Dataset records START

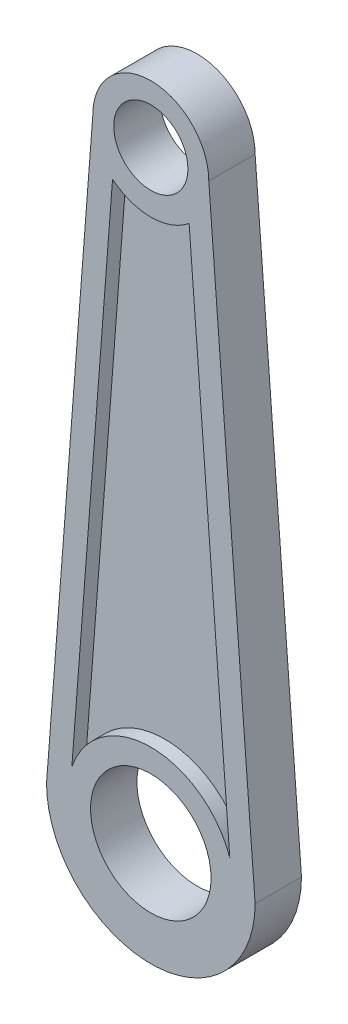
from build123d import *

# Parameters (mm, degrees)
SKETCH2_R           = 12.5
SKETCH2_R_2         = 8
SKETCH2_R_3         = 13
BOSS_EXTRUDE1_DEPTH = 5
CUT_EXTRUDE1_DEPTH  = 3


with BuildPart() as part:
    # Sketch2 → Boss-Extrude1 (new, symmetric)
    # profile 1 of 3: a face of its own
    with BuildSketch(Plane.XY):
        with Locations((0, 130)):
            Circle(SKETCH2_R)
        with Locations((0, 130)):
            Circle(SKETCH2_R_2, mode=Mode.SUBTRACT)
    # profile 2 of 3: a face of its own
    with BuildSketch(Plane.XY):
        with BuildLine():
            Line((-12.5, 130), (-22.235294118, 3.441176471))
            ThreePointArc((-22.235294118, 3.441176471), (0, 22.5), (22.235294118, 3.441176471))
            Line((22.235294118, 3.441176471), (12.5, 130))
            ThreePointArc((12.5, 130), (0, 117.5), (-12.5, 130))
        make_face()
    # profile 3 of 3: a face of its own
    with BuildSketch(Plane.XY):
        with BuildLine():
            Line((-22.235294118, 3.441176471), (-22.5, 0))
            ThreePointArc((-22.5, 0), (0, -22.5), (22.5, 0))
            Line((22.5, 0), (22.235294118, 3.441176471))
            ThreePointArc((22.235294118, 3.441176471), (0, 22.5), (-22.235294118, 3.441176471))
        make_face()
        Circle(SKETCH2_R_3, mode=Mode.SUBTRACT)
    extrude(amount=BOSS_EXTRUDE1_DEPTH, both=True)

    # Sketch3 → Cut-Extrude1 (cut)
    with BuildSketch(Plane.XY.offset(5)):
        with BuildLine():
            Line((-8.257578004, 119.959461892), (-17.038818827, 5.803331197))
            ThreePointArc((-17.038818827, 5.803331197), (0, 18), (17.038818827, 5.803331197))
            Line((17.038818827, 5.803331197), (8.257578004, 119.959461892))
            ThreePointArc((8.257578004, 119.959461892), (0, 117), (-8.257578004, 119.959461892))
        make_face()
    cut_extrude1 = extrude(amount=-CUT_EXTRUDE1_DEPTH, mode=Mode.SUBTRACT)

    # Mirror1: Cut-Extrude1 across plane
    add(cut_extrude1.mirror(Plane.XY), mode=Mode.SUBTRACT)


solid = part.part

Dataset records END

## Try it
Search the lines above for the string "part", then show every one that has it.

## Solution for this exercise
with BuildPart() as part:
solid = part.part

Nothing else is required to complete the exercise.